No offense to the author but it is often amusing to see people make insightful observations which often just restate what others have been communicating for often a number of years.

Anonymous said...

Unlike the author of the second posting, I have read the article. It is clearly intended to be tutorial in nature. It offers a comprehensive and necessarily (because it is an article) concise survey of the issues affecting 10GbE performance and the numerous techniques employed to improve performance. The article is up to date and a very good read for anyone with an interest in the field.

Anonymous said...

The GadelRab article is a good overview of the various technologies and choices in modern 10 Gigabit server networking solutions. Whatever you want to call it… onloading vs. offloading, stateless vs. stateful, native OS vs. smart NIC, this debate seems to have the interest of server OEMs and IHVs but gets little attention in IT circles.

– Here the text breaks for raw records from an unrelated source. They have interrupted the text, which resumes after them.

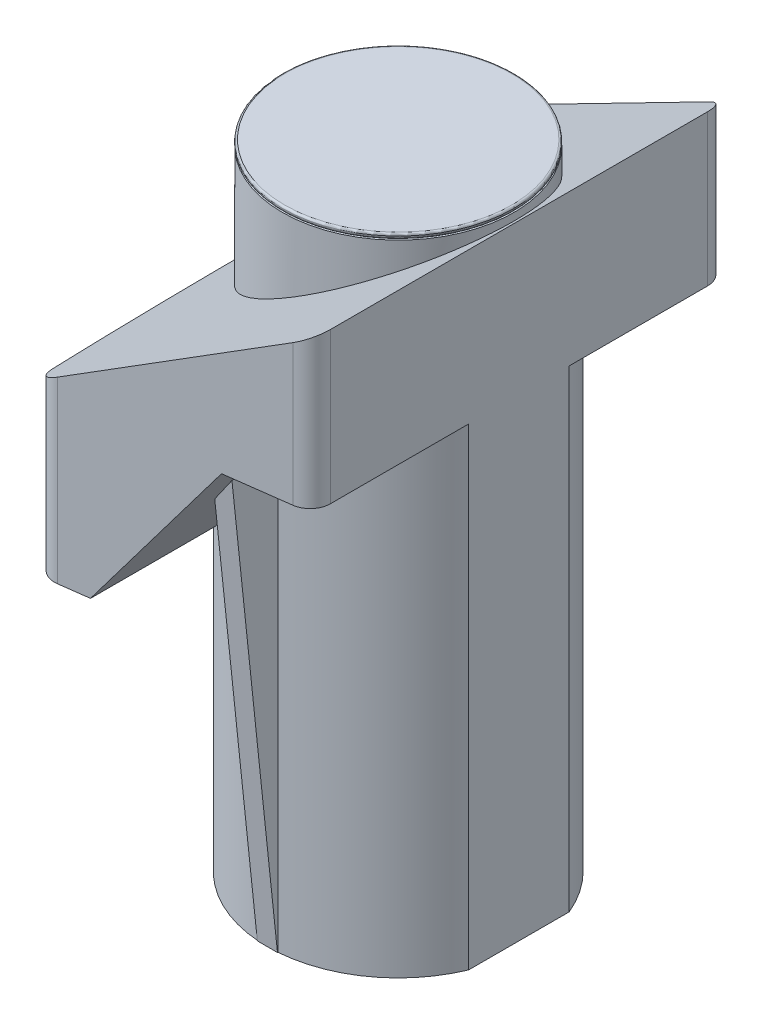
ISO-10303-21;
HEADER;
FILE_DESCRIPTION(('STEP AP214'),'2;1');
FILE_NAME('part.step','',(''),(''),'','','');
FILE_SCHEMA(('AUTOMOTIVE_DESIGN { 1 0 10303 214 1 1 1 1 }'));
ENDSEC;
DATA;
#1=APPLICATION_CONTEXT('core data for automotive mechanical design processes');
#2=APPLICATION_PROTOCOL_DEFINITION('international standard','automotive_design',2000,#1);
#3=PRODUCT_CONTEXT('',#1,'mechanical');
#4=PRODUCT('Part','Part','',(#3));
#5=PRODUCT_RELATED_PRODUCT_CATEGORY('part','',(#4));
#6=PRODUCT_DEFINITION_FORMATION('','',#4);
#7=PRODUCT_DEFINITION_CONTEXT('part definition',#1,'design');
#8=PRODUCT_DEFINITION('design','',#6,#7);
#9=PRODUCT_DEFINITION_SHAPE('','',#8);
#10=(LENGTH_UNIT() NAMED_UNIT(*) SI_UNIT(.MILLI.,.METRE.));
#11=(NAMED_UNIT(*) PLANE_ANGLE_UNIT() SI_UNIT($,.RADIAN.));
#12=(NAMED_UNIT(*) SI_UNIT($,.STERADIAN.) SOLID_ANGLE_UNIT());
#13=UNCERTAINTY_MEASURE_WITH_UNIT(LENGTH_MEASURE(1.E-05),#10,'distance_accuracy_value','');
#14=(GEOMETRIC_REPRESENTATION_CONTEXT(3) GLOBAL_UNCERTAINTY_ASSIGNED_CONTEXT((#13)) GLOBAL_UNIT_ASSIGNED_CONTEXT((#10,
#11,#12)) REPRESENTATION_CONTEXT('',''));
#15=CARTESIAN_POINT('',(0.,0.,0.));
#16=DIRECTION('',(0.,0.,1.));
#17=DIRECTION('',(1.,0.,0.));
#18=AXIS2_PLACEMENT_3D('',#15,#16,#17);
#19=CARTESIAN_POINT('',(0.,63.002,0.));
#20=DIRECTION('',(0.,-1.,0.));
#21=DIRECTION('',(0.,0.,-1.));
#22=AXIS2_PLACEMENT_3D('',#19,#20,#21);
#23=CYLINDRICAL_SURFACE('',#22,13.);
#24=CARTESIAN_POINT('',(0.,41.5313280471877,0.));
#25=DIRECTION('',(0.807133516819442,-0.590368940601281,0.));
#26=DIRECTION('',(-0.590368940601281,-0.807133516819442,0.));
#27=AXIS2_PLACEMENT_3D('',#24,#25,#26);
#28=ELLIPSE('',#27,22.0201286110338,13.);
#29=CARTESIAN_POINT('',(1.,42.8984960353907,12.9614813968157));
#30=VERTEX_POINT('',#29);
#31=CARTESIAN_POINT('',(3.99999999999999,47.,12.369316876853));
#32=VERTEX_POINT('',#31);
#33=EDGE_CURVE('E450',#30,#32,#28,.F.);
#34=ORIENTED_EDGE('',*,*,#33,.F.);
#35=DIRECTION('',(0.,-1.,0.));
#36=VECTOR('',#35,1.);
#37=CARTESIAN_POINT('',(1.,63.002,12.9614813968157));
#38=LINE('',#37,#36);
#39=CARTESIAN_POINT('',(1.,0.,12.9614813968157));
#40=VERTEX_POINT('',#39);
#41=EDGE_CURVE('E244',#30,#40,#38,.T.);
#42=ORIENTED_EDGE('',*,*,#41,.T.);
#43=CARTESIAN_POINT('',(0.,0.,0.));
#44=DIRECTION('',(0.,-1.,0.));
#45=DIRECTION('',(0.,0.,-1.));
#46=AXIS2_PLACEMENT_3D('',#43,#44,#45);
#47=CIRCLE('',#46,13.);
#48=CARTESIAN_POINT('',(12.,0.,5.00000000000002));
#49=VERTEX_POINT('',#48);
#50=EDGE_CURVE('E228',#49,#40,#47,.T.);
#51=ORIENTED_EDGE('',*,*,#50,.F.);
#52=DIRECTION('',(0.,-1.,0.));
#53=VECTOR('',#52,1.);
#54=CARTESIAN_POINT('',(12.,63.002,5.00000000000002));
#55=LINE('',#54,#53);
#56=CARTESIAN_POINT('',(12.,47.,5.00000000000002));
#57=VERTEX_POINT('',#56);
#58=EDGE_CURVE('E446',#57,#49,#55,.T.);
#59=ORIENTED_EDGE('',*,*,#58,.F.);
#60=CARTESIAN_POINT('',(0.,47.,0.));
#61=DIRECTION('',(0.,-1.,0.));
#62=DIRECTION('',(0.,0.,-1.));
#63=AXIS2_PLACEMENT_3D('',#60,#61,#62);
#64=CIRCLE('',#63,13.);
#65=EDGE_CURVE('E453',#32,#57,#64,.F.);
#66=ORIENTED_EDGE('',*,*,#65,.F.);
#67=EDGE_LOOP('',(#34,#42,#51,#59,#66));
#68=FACE_BOUND('',#67,.T.);
#69=ADVANCED_FACE('F36',(#68),#23,.T.);
#70=CARTESIAN_POINT('',(-7.50000000000001,31.2775681356645,-23.75));
#71=DIRECTION('',(0.807133516819442,-0.590368940601281,0.));
#72=DIRECTION('',(0.590368940601281,0.807133516819442,0.));
#73=AXIS2_PLACEMENT_3D('',#70,#71,#72);
#74=PLANE('',#73);
#75=DIRECTION('',(-0.588241093230889,-0.80422439201086,-0.0848265496722035));
#76=VECTOR('',#75,1.);
#77=CARTESIAN_POINT('',(-9.49838549757744,28.5454394552873,16.0108650793523));
#78=LINE('',#77,#76);
#79=CARTESIAN_POINT('',(1.,42.8984960353907,17.5247712466296));
#80=VERTEX_POINT('',#79);
#81=CARTESIAN_POINT('',(-1.,40.1641600589846,17.2363638210065));
#82=VERTEX_POINT('',#81);
#83=EDGE_CURVE('E55',#80,#82,#78,.T.);
#84=ORIENTED_EDGE('',*,*,#83,.F.);
#85=DIRECTION('',(0.,0.,-1.));
#86=VECTOR('',#85,1.);
#87=CARTESIAN_POINT('',(1.,42.8984960353907,-23.75));
#88=LINE('',#87,#86);
#89=EDGE_CURVE('E233',#80,#30,#88,.T.);
#90=ORIENTED_EDGE('',*,*,#89,.T.);
#91=ORIENTED_EDGE('',*,*,#33,.T.);
#92=DIRECTION('',(0.,0.,1.));
#93=VECTOR('',#92,1.);
#94=CARTESIAN_POINT('',(3.99999999999999,47.,-23.75));
#95=LINE('',#94,#93);
#96=CARTESIAN_POINT('',(3.99999999999999,47.,21.5612244897959));
#97=VERTEX_POINT('',#96);
#98=EDGE_CURVE('E514',#32,#97,#95,.T.);
#99=ORIENTED_EDGE('',*,*,#98,.T.);
#100=DIRECTION('',(0.588566823661349,0.804669720228169,-0.0780751908938524));
#101=VECTOR('',#100,1.);
#102=CARTESIAN_POINT('',(-5.34773648938603,34.2200739095535,22.8012303506328));
#103=LINE('',#102,#101);
#104=CARTESIAN_POINT('',(-7.50000000000001,31.2775681356645,23.0867346938775));
#105=VERTEX_POINT('',#104);
#106=EDGE_CURVE('E455',#105,#97,#103,.T.);
#107=ORIENTED_EDGE('',*,*,#106,.F.);
#108=DIRECTION('',(0.,0.,1.));
#109=VECTOR('',#108,1.);
#110=CARTESIAN_POINT('',(-7.50000000000001,31.2775681356645,-23.75));
#111=LINE('',#110,#109);
#112=CARTESIAN_POINT('',(-7.50000000000001,31.2775681356645,10.6183802907976));
#113=VERTEX_POINT('',#112);
#114=EDGE_CURVE('E521',#113,#105,#111,.T.);
#115=ORIENTED_EDGE('',*,*,#114,.F.);
#116=CARTESIAN_POINT('',(-1.,40.1641600589846,12.9614813968157));
#117=VERTEX_POINT('',#116);
#118=EDGE_CURVE('E425',#113,#117,#28,.F.);
#119=ORIENTED_EDGE('',*,*,#118,.T.);
#120=DIRECTION('',(0.,0.,-1.));
#121=VECTOR('',#120,1.);
#122=CARTESIAN_POINT('',(-1.,40.1641600589846,-23.75));
#123=LINE('',#122,#121);
#124=EDGE_CURVE('E60',#82,#117,#123,.T.);
#125=ORIENTED_EDGE('',*,*,#124,.F.);
#126=EDGE_LOOP('',(#84,#90,#91,#99,#107,#115,#119,#125));
#127=FACE_BOUND('',#126,.T.);
#128=ADVANCED_FACE('F353',(#127),#74,.T.);
#129=CARTESIAN_POINT('',(0.,41.5313280471877,0.));
#130=DIRECTION('',(0.807133516819442,-0.590368940601281,0.));
#131=DIRECTION('',(-0.590368940601281,-0.807133516819442,0.));
#132=AXIS2_PLACEMENT_3D('',#129,#130,#131);
#133=ELLIPSE('',#132,22.0201286110338,13.);
#134=CARTESIAN_POINT('',(3.99999999999999,47.,-12.369316876853));
#135=VERTEX_POINT('',#134);
#136=CARTESIAN_POINT('',(1.,42.8984960353907,-12.9614813968157));
#137=VERTEX_POINT('',#136);
#138=EDGE_CURVE('E438',#135,#137,#133,.F.);
#139=ORIENTED_EDGE('',*,*,#138,.T.);
#140=DIRECTION('',(0.,0.,-1.));
#141=VECTOR('',#140,1.);
#142=CARTESIAN_POINT('',(1.,42.8984960353907,-23.75));
#143=LINE('',#142,#141);
#144=CARTESIAN_POINT('',(1.,42.8984960353907,-17.5247712466296));
#145=VERTEX_POINT('',#144);
#146=EDGE_CURVE('E268',#137,#145,#143,.T.);
#147=ORIENTED_EDGE('',*,*,#146,.T.);
#148=DIRECTION('',(-0.588241093230889,-0.80422439201086,0.0848265496722035));
#149=VECTOR('',#148,1.);
#150=CARTESIAN_POINT('',(-7.12820853765382,31.7858695212714,-16.3526533969936));
#151=LINE('',#150,#149);
#152=CARTESIAN_POINT('',(-1.,40.1641600589846,-17.2363638210065));
#153=VERTEX_POINT('',#152);
#154=EDGE_CURVE('E270',#145,#153,#151,.T.);
#155=ORIENTED_EDGE('',*,*,#154,.T.);
#156=DIRECTION('',(0.,0.,-1.));
#157=VECTOR('',#156,1.);
#158=CARTESIAN_POINT('',(-1.,40.1641600589846,-23.75));
#159=LINE('',#158,#157);
#160=CARTESIAN_POINT('',(-1.,40.1641600589846,-12.9614813968157));
#161=VERTEX_POINT('',#160);
#162=EDGE_CURVE('E263',#161,#153,#159,.T.);
#163=ORIENTED_EDGE('',*,*,#162,.F.);
#164=CARTESIAN_POINT('',(-7.50000000000001,31.2775681356645,-10.6183802907976));
#165=VERTEX_POINT('',#164);
#166=EDGE_CURVE('E443',#161,#165,#133,.F.);
#167=ORIENTED_EDGE('',*,*,#166,.T.);
#168=CARTESIAN_POINT('',(-7.50000000000001,31.2775681356645,-23.0867346938775));
#169=VERTEX_POINT('',#168);
#170=EDGE_CURVE('E517',#169,#165,#111,.T.);
#171=ORIENTED_EDGE('',*,*,#170,.F.);
#172=DIRECTION('',(-0.588566823661349,-0.804669720228169,-0.0780751908938524));
#173=VECTOR('',#172,1.);
#174=CARTESIAN_POINT('',(-7.53047867716556,31.235898663921,-23.0907777837056));
#175=LINE('',#174,#173);
#176=CARTESIAN_POINT('',(3.99999999999999,47.,-21.5612244897959));
#177=VERTEX_POINT('',#176);
#178=EDGE_CURVE('E467',#177,#169,#175,.T.);
#179=ORIENTED_EDGE('',*,*,#178,.F.);
#180=EDGE_CURVE('E516',#177,#135,#95,.T.);
#181=ORIENTED_EDGE('',*,*,#180,.T.);
#182=EDGE_LOOP('',(#139,#147,#155,#163,#167,#171,#179,#181));
#183=FACE_BOUND('',#182,.T.);
#184=ADVANCED_FACE('F356',(#183),#74,.T.);
#185=CARTESIAN_POINT('',(1.,0.,-12.9614813968157));
#186=VERTEX_POINT('',#185);
#187=CARTESIAN_POINT('',(12.,0.,-5.00000000000002));
#188=VERTEX_POINT('',#187);
#189=EDGE_CURVE('E279',#186,#188,#47,.T.);
#190=ORIENTED_EDGE('',*,*,#189,.F.);
#191=DIRECTION('',(0.,-1.,0.));
#192=VECTOR('',#191,1.);
#193=CARTESIAN_POINT('',(1.,63.002,-12.9614813968157));
#194=LINE('',#193,#192);
#195=EDGE_CURVE('E266',#186,#137,#194,.F.);
#196=ORIENTED_EDGE('',*,*,#195,.T.);
#197=ORIENTED_EDGE('',*,*,#138,.F.);
#198=CARTESIAN_POINT('',(12.,47.,-5.00000000000002));
#199=VERTEX_POINT('',#198);
#200=EDGE_CURVE('E451',#199,#135,#64,.F.);
#201=ORIENTED_EDGE('',*,*,#200,.F.);
#202=DIRECTION('',(0.,-1.,0.));
#203=VECTOR('',#202,1.);
#204=CARTESIAN_POINT('',(12.,63.002,-5.00000000000002));
#205=LINE('',#204,#203);
#206=EDGE_CURVE('E501',#199,#188,#205,.T.);
#207=ORIENTED_EDGE('',*,*,#206,.T.);
#208=EDGE_LOOP('',(#190,#196,#197,#201,#207));
#209=FACE_BOUND('',#208,.T.);
#210=ADVANCED_FACE('F404',(#209),#23,.T.);
#211=CARTESIAN_POINT('',(-13.5,31.2775681356645,-23.75));
#212=DIRECTION('',(0.,-1.,0.));
#213=DIRECTION('',(1.,0.,0.));
#214=AXIS2_PLACEMENT_3D('',#211,#212,#213);
#215=PLANE('',#214);
#216=DIRECTION('',(1.,0.,0.));
#217=VECTOR('',#216,1.);
#218=CARTESIAN_POINT('',(-12.5009954668574,31.2775681356645,0.75));
#219=LINE('',#218,#217);
#220=CARTESIAN_POINT('',(-13.4990045331427,31.2775681356645,0.75));
#221=VERTEX_POINT('',#220);
#222=CARTESIAN_POINT('',(-12.9783473524174,31.2775681356645,0.75));
#223=VERTEX_POINT('',#222);
#224=EDGE_CURVE('E272',#221,#223,#219,.T.);
#225=ORIENTED_EDGE('',*,*,#224,.T.);
#226=CARTESIAN_POINT('',(0.,31.2775681356645,0.));
#227=DIRECTION('',(0.,-1.,0.));
#228=DIRECTION('',(1.,0.,0.));
#229=AXIS2_PLACEMENT_3D('',#226,#227,#228);
#230=CIRCLE('',#229,13.);
#231=EDGE_CURVE('E434',#223,#113,#230,.F.);
#232=ORIENTED_EDGE('',*,*,#231,.T.);
#233=ORIENTED_EDGE('',*,*,#114,.T.);
#234=DIRECTION('',(0.991316023943281,0.,-0.131501105216966));
#235=VECTOR('',#234,1.);
#236=CARTESIAN_POINT('',(-7.29064770285481,31.2775681356645,23.0589634707869));
#237=LINE('',#236,#235);
#238=CARTESIAN_POINT('',(-10.4126333388468,31.2775681356645,23.4731044225001));
#239=VERTEX_POINT('',#238);
#240=EDGE_CURVE('E441',#239,#105,#237,.T.);
#241=ORIENTED_EDGE('',*,*,#240,.F.);
#242=CARTESIAN_POINT('',(-10.6756355492807,31.2775681356645,21.4904723746135));
#243=DIRECTION('',(0.,-1.,0.));
#244=DIRECTION('',(1.,0.,0.));
#245=AXIS2_PLACEMENT_3D('',#242,#243,#244);
#246=CIRCLE('',#245,2.);
#247=CARTESIAN_POINT('',(-12.6697583826498,31.2775681356645,21.6436850550162));
#248=VERTEX_POINT('',#247);
#249=EDGE_CURVE('E11',#239,#248,#246,.T.);
#250=ORIENTED_EDGE('',*,*,#249,.T.);
#251=CARTESIAN_POINT('',(269.031250000059,31.2775681356642,0.));
#252=DIRECTION('',(0.,-1.,0.));
#253=DIRECTION('',(1.,0.,0.));
#254=AXIS2_PLACEMENT_3D('',#251,#252,#253);
#255=CIRCLE('',#254,282.531250000059);
#256=EDGE_CURVE('E474',#221,#248,#255,.F.);
#257=ORIENTED_EDGE('',*,*,#256,.F.);
#258=EDGE_LOOP('',(#225,#232,#233,#241,#250,#257));
#259=FACE_BOUND('',#258,.T.);
#260=ADVANCED_FACE('F360',(#259),#215,.T.);
#261=DIRECTION('',(0.,-1.,0.));
#262=VECTOR('',#261,1.);
#263=CARTESIAN_POINT('',(-1.,63.002,12.9614813968157));
#264=LINE('',#263,#262);
#265=CARTESIAN_POINT('',(-1.,0.,12.9614813968157));
#266=VERTEX_POINT('',#265);
#267=EDGE_CURVE('E240',#117,#266,#264,.T.);
#268=ORIENTED_EDGE('',*,*,#267,.F.);
#269=ORIENTED_EDGE('',*,*,#118,.F.);
#270=ORIENTED_EDGE('',*,*,#231,.F.);
#271=DIRECTION('',(0.,-1.,0.));
#272=VECTOR('',#271,1.);
#273=CARTESIAN_POINT('',(-12.9783473524174,63.002,0.75));
#274=LINE('',#273,#272);
#275=CARTESIAN_POINT('',(-12.9783473524174,0.,0.75));
#276=VERTEX_POINT('',#275);
#277=EDGE_CURVE('E288',#223,#276,#274,.T.);
#278=ORIENTED_EDGE('',*,*,#277,.T.);
#279=EDGE_CURVE('E426',#266,#276,#47,.T.);
#280=ORIENTED_EDGE('',*,*,#279,.F.);
#281=EDGE_LOOP('',(#268,#269,#270,#278,#280));
#282=FACE_BOUND('',#281,.T.);
#283=ADVANCED_FACE('F326',(#282),#23,.T.);
#284=CARTESIAN_POINT('',(3.99999999999999,47.,-23.75));
#285=DIRECTION('',(0.,-1.,0.));
#286=DIRECTION('',(0.,0.,-1.));
#287=AXIS2_PLACEMENT_3D('',#284,#285,#286);
#288=PLANE('',#287);
#289=DIRECTION('',(-0.991316023943281,0.,-0.131501105216966));
#290=VECTOR('',#289,1.);
#291=CARTESIAN_POINT('',(3.71467307889081,47.,-21.5990739793308));
#292=LINE('',#291,#290);
#293=CARTESIAN_POINT('',(10.2630022104339,47.,-20.7304180741261));
#294=VERTEX_POINT('',#293);
#295=EDGE_CURVE('E469',#294,#177,#292,.T.);
#296=ORIENTED_EDGE('',*,*,#295,.F.);
#297=CARTESIAN_POINT('',(9.99999999999999,47.,-18.7477860262395));
#298=DIRECTION('',(0.,-1.,0.));
#299=DIRECTION('',(0.,0.,-1.));
#300=AXIS2_PLACEMENT_3D('',#297,#298,#299);
#301=CIRCLE('',#300,2.);
#302=CARTESIAN_POINT('',(12.,47.,-18.7477860262395));
#303=VERTEX_POINT('',#302);
#304=EDGE_CURVE('E567',#294,#303,#301,.T.);
#305=ORIENTED_EDGE('',*,*,#304,.T.);
#306=DIRECTION('',(0.,0.,1.));
#307=VECTOR('',#306,1.);
#308=CARTESIAN_POINT('',(12.,47.,-23.75));
#309=LINE('',#308,#307);
#310=EDGE_CURVE('E524',#303,#199,#309,.T.);
#311=ORIENTED_EDGE('',*,*,#310,.T.);
#312=ORIENTED_EDGE('',*,*,#200,.T.);
#313=ORIENTED_EDGE('',*,*,#180,.F.);
#314=EDGE_LOOP('',(#296,#305,#311,#312,#313));
#315=FACE_BOUND('',#314,.T.);
#316=ADVANCED_FACE('F352',(#315),#288,.T.);
#317=CARTESIAN_POINT('',(0.,63.,0.));
#318=DIRECTION('',(0.,-1.,0.));
#319=DIRECTION('',(0.,0.,-1.));
#320=AXIS2_PLACEMENT_3D('',#317,#318,#319);
#321=CYLINDRICAL_SURFACE('',#320,11.5);
#322=CARTESIAN_POINT('',(0.,55.0717967697245,0.));
#323=DIRECTION('',(-0.500000000000001,0.866025403784438,0.));
#324=DIRECTION('',(-0.866025403784438,-0.500000000000001,0.));
#325=AXIS2_PLACEMENT_3D('',#322,#323,#324);
#326=ELLIPSE('',#325,13.2790561913614,11.5);
#327=CARTESIAN_POINT('',(-11.5,48.4322686740438,0.));
#328=VERTEX_POINT('',#327);
#329=EDGE_CURVE('E530',#328,#328,#326,.T.);
#330=ORIENTED_EDGE('',*,*,#329,.T.);
#331=EDGE_LOOP('',(#330));
#332=FACE_BOUND('',#331,.T.);
#333=CARTESIAN_POINT('',(0.,62.45,0.));
#334=DIRECTION('',(0.,1.,0.));
#335=DIRECTION('',(0.,0.,1.));
#336=AXIS2_PLACEMENT_3D('',#333,#334,#335);
#337=CIRCLE('',#336,11.5);
#338=CARTESIAN_POINT('',(0.,62.45,11.5));
#339=VERTEX_POINT('',#338);
#340=EDGE_CURVE('E533',#339,#339,#337,.T.);
#341=ORIENTED_EDGE('',*,*,#340,.F.);
#342=EDGE_LOOP('',(#341));
#343=FACE_BOUND('',#342,.T.);
#344=ADVANCED_FACE('F380',(#332,#343),#321,.T.);
#345=CARTESIAN_POINT('',(0.,62.7,0.));
#346=DIRECTION('',(0.,-1.,0.));
#347=DIRECTION('',(0.,0.,-1.));
#348=AXIS2_PLACEMENT_3D('',#345,#346,#347);
#349=CIRCLE('',#348,11.5);
#350=CARTESIAN_POINT('',(0.,62.7,-11.5));
#351=VERTEX_POINT('',#350);
#352=EDGE_CURVE('E542',#351,#351,#349,.F.);
#353=ORIENTED_EDGE('',*,*,#352,.T.);
#354=EDGE_LOOP('',(#353));
#355=FACE_BOUND('',#354,.T.);
#356=CARTESIAN_POINT('',(0.,62.8,0.));
#357=DIRECTION('',(0.,1.,0.));
#358=DIRECTION('',(0.,0.,1.));
#359=AXIS2_PLACEMENT_3D('',#356,#357,#358);
#360=CIRCLE('',#359,11.5);
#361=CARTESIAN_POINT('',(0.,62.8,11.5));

Industry application-level benchmarks that measure the impact of network I/O would be welcomed as they can help measure the performance benefits of various technologies to determine whether they are worth the cost. Of course, benchmarks won’t take into account real-world requirements around reliability, usability, support, etc. which may make a bigger difference in which 10G architecture ultimately “wins”. It will be interesting to watch play out given the amount invested so far by established players like Broadcom, Intel, Sun and the dozen or so 10GbE start-ups…

Anonymous said...

Well, there are multiple industry level benchmarks that already measure the impact of network technologies and approaches. Not sure what people believe is lacking but any evaluation needs to be done at the application level and not at a layer 2 level if one wants to comprehend what is really beneficial or not to the customer. It might be good for people to examine what already exists and improve that than create what will likely become more of a marketing micro-benchmark than something practical to guide investment and development decisions.